[Items from a data source]
Segment Open
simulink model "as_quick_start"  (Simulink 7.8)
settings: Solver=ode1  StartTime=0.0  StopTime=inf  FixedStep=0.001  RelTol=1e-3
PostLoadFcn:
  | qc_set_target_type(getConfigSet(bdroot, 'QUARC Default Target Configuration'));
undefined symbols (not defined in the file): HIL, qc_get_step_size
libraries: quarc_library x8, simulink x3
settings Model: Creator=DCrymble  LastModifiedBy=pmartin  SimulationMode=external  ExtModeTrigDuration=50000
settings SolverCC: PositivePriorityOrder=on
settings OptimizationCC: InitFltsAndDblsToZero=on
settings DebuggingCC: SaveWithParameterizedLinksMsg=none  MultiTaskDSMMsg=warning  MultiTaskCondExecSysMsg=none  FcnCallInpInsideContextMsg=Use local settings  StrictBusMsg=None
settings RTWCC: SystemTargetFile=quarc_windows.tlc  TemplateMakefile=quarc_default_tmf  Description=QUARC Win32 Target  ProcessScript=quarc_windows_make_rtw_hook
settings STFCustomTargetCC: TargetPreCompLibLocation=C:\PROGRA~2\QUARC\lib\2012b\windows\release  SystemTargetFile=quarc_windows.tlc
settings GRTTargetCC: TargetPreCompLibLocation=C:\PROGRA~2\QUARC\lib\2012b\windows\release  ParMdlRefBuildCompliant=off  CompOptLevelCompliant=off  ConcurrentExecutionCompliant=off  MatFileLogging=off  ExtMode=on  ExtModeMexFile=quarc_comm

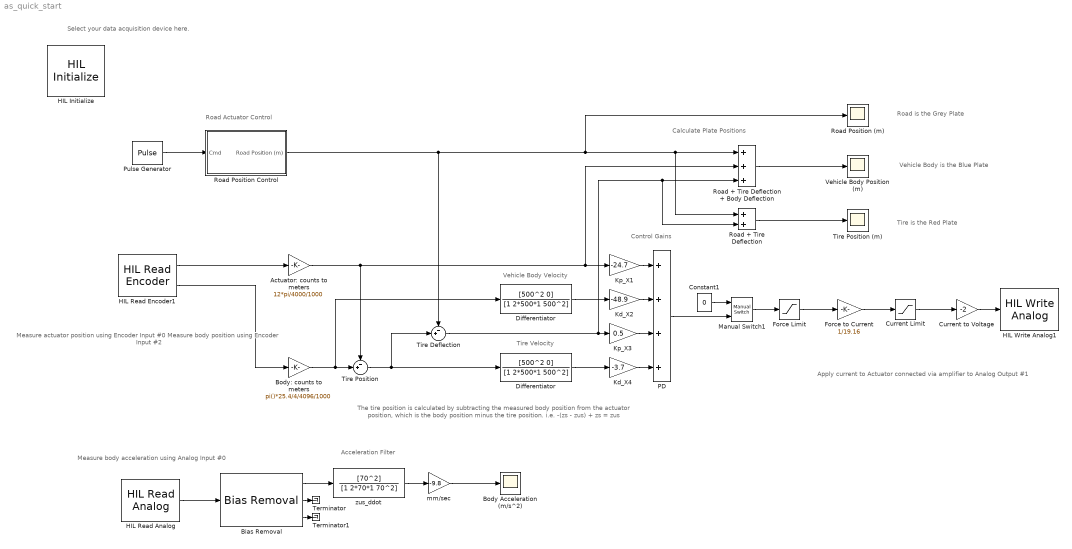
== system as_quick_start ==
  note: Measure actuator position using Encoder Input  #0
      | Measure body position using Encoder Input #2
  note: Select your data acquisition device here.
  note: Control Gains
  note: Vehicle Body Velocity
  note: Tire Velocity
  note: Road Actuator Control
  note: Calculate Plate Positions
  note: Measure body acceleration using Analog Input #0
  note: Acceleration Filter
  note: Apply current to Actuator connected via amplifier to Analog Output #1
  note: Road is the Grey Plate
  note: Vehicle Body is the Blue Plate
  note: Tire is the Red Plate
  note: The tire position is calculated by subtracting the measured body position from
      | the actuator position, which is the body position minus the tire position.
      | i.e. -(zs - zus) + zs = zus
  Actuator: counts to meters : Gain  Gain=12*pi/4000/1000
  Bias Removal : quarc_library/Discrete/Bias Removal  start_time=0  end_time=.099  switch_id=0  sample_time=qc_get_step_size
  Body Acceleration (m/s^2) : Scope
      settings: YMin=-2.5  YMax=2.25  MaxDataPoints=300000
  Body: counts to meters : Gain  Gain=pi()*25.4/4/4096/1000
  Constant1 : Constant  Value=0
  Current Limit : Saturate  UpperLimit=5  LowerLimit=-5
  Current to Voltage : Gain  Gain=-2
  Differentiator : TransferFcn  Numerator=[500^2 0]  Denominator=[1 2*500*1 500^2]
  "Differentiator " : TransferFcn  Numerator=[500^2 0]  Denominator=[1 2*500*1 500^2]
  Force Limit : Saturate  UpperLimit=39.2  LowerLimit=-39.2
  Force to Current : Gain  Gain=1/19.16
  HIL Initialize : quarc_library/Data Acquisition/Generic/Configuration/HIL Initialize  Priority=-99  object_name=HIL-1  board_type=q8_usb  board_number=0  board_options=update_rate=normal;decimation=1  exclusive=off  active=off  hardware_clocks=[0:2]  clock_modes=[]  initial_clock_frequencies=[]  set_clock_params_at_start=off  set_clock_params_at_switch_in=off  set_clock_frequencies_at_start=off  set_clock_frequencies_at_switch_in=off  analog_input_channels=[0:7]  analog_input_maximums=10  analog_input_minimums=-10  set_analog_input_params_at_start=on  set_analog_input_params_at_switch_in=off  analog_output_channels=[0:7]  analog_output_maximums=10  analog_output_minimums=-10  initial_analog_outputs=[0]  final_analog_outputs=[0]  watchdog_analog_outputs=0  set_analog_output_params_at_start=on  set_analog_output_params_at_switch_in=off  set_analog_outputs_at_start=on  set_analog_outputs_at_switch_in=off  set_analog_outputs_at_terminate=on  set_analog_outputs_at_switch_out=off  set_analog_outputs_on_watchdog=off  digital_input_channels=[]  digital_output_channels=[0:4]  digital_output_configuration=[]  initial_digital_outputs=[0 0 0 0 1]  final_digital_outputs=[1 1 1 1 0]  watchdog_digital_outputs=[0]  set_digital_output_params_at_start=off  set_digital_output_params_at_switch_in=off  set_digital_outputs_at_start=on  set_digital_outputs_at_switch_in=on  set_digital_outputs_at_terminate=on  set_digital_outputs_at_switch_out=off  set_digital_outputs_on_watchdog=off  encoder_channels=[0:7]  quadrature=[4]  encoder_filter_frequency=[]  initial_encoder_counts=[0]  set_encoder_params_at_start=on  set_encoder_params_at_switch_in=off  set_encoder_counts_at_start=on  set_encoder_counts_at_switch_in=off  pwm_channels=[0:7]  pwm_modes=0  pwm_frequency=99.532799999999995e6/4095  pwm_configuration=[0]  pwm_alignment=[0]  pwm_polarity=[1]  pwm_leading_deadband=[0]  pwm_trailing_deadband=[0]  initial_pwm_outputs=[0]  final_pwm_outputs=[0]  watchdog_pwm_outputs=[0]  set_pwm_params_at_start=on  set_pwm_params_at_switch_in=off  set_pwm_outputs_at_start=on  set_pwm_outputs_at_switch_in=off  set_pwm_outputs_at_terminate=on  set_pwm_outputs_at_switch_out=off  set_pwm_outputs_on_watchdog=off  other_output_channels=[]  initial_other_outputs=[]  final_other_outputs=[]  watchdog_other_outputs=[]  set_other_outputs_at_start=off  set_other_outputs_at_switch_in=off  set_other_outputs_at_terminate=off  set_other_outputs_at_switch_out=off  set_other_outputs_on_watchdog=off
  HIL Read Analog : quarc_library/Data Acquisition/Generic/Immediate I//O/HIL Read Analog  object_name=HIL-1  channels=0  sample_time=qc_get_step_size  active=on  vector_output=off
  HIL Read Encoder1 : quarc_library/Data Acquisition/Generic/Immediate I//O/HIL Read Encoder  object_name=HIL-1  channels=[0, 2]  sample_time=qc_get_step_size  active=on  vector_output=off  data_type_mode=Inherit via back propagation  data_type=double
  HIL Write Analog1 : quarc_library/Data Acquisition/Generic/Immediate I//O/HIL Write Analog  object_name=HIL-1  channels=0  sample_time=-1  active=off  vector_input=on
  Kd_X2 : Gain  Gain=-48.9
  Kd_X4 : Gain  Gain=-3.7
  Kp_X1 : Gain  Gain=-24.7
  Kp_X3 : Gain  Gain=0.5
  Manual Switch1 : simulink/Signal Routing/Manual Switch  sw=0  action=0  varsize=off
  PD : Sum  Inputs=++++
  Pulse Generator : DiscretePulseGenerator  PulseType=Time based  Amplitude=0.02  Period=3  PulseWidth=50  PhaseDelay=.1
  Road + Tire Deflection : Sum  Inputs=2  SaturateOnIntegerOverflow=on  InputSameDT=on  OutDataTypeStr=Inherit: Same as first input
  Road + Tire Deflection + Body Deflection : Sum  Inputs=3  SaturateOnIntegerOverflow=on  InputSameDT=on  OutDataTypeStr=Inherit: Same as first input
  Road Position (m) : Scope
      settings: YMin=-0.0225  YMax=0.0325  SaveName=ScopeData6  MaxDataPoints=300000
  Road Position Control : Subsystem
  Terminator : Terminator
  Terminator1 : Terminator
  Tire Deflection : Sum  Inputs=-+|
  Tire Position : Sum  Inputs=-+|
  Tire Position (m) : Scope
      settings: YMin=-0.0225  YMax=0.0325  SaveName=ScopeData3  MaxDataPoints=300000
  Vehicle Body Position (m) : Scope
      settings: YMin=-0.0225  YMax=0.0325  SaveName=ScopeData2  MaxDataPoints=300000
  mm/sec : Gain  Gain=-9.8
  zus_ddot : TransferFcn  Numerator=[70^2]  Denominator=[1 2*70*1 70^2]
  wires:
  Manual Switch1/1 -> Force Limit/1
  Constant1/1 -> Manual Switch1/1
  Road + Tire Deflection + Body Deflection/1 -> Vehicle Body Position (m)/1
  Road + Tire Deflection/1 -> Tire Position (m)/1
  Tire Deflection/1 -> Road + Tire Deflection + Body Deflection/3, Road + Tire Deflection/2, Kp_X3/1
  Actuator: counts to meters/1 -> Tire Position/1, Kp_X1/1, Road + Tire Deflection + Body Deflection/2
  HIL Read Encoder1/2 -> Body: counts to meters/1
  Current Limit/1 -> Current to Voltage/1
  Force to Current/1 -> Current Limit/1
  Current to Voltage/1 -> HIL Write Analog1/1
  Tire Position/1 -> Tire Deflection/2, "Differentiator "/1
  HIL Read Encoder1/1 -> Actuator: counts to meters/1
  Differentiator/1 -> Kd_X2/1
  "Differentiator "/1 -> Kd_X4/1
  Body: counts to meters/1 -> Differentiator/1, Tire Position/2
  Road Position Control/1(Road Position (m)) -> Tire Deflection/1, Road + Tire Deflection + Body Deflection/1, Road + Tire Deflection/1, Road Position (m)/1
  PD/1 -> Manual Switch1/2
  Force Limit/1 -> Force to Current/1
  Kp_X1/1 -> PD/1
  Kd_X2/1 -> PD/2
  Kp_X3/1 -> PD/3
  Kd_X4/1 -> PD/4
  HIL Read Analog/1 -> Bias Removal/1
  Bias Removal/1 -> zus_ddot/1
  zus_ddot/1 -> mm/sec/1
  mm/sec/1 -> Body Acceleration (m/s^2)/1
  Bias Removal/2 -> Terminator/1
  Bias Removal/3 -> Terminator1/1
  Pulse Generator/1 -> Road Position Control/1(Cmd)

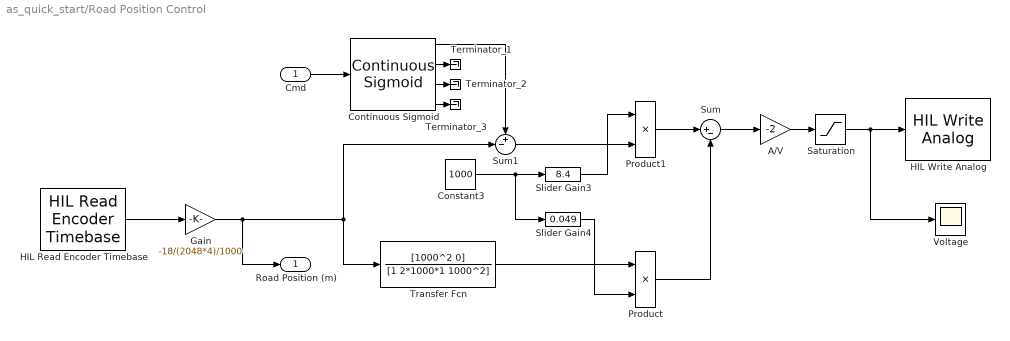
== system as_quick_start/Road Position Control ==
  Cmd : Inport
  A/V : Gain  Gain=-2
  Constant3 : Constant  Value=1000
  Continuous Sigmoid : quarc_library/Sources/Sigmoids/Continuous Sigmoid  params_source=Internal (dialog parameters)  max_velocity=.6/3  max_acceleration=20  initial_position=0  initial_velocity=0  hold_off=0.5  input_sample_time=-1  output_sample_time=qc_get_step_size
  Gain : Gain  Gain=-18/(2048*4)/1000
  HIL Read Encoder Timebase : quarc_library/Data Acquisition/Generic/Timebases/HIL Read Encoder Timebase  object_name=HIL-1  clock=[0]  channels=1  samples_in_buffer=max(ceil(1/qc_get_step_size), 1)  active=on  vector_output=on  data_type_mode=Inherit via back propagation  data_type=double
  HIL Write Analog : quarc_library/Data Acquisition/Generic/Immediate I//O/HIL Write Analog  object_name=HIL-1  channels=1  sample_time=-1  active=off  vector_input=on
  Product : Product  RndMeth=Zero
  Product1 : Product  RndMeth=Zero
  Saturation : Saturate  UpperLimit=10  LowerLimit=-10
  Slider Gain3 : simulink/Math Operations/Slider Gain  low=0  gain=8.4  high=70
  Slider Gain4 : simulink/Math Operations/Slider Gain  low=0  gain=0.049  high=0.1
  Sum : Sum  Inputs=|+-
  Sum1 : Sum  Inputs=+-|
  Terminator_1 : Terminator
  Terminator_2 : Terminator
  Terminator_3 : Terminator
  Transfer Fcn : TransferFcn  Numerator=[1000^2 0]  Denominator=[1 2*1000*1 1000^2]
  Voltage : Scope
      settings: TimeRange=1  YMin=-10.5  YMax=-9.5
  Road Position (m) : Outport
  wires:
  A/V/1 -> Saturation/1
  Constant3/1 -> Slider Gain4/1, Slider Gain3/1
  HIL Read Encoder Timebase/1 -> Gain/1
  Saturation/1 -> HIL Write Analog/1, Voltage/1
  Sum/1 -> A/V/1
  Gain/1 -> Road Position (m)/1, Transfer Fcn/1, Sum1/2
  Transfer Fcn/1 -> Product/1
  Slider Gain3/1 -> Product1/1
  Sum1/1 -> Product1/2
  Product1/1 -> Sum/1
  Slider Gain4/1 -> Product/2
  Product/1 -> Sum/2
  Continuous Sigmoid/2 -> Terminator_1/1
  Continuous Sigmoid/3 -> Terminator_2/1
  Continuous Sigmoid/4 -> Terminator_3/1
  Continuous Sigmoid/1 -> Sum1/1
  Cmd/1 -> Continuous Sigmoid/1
Segment Closed
■ **Instructions to follow**:
Reproduce verbatim the lines above, from the line with "HIL Read Encoder Timebase/1 -> Gain/1" through the line with "Continuous Sigmoid/4 -> Terminator_3/1".

■ **Finished exercise**:
  HIL Read Encoder Timebase/1 -> Gain/1
  Saturation/1 -> HIL Write Analog/1, Voltage/1
  Sum/1 -> A/V/1
  Gain/1 -> Road Position (m)/1, Transfer Fcn/1, Sum1/2
  Transfer Fcn/1 -> Product/1
  Slider Gain3/1 -> Product1/1
  Sum1/1 -> Product1/2
  Product1/1 -> Sum/1
  Slider Gain4/1 -> Product/2
  Product/1 -> Sum/2
  Continuous Sigmoid/2 -> Terminator_1/1
  Continuous Sigmoid/3 -> Terminator_2/1
  Continuous Sigmoid/4 -> Terminator_3/1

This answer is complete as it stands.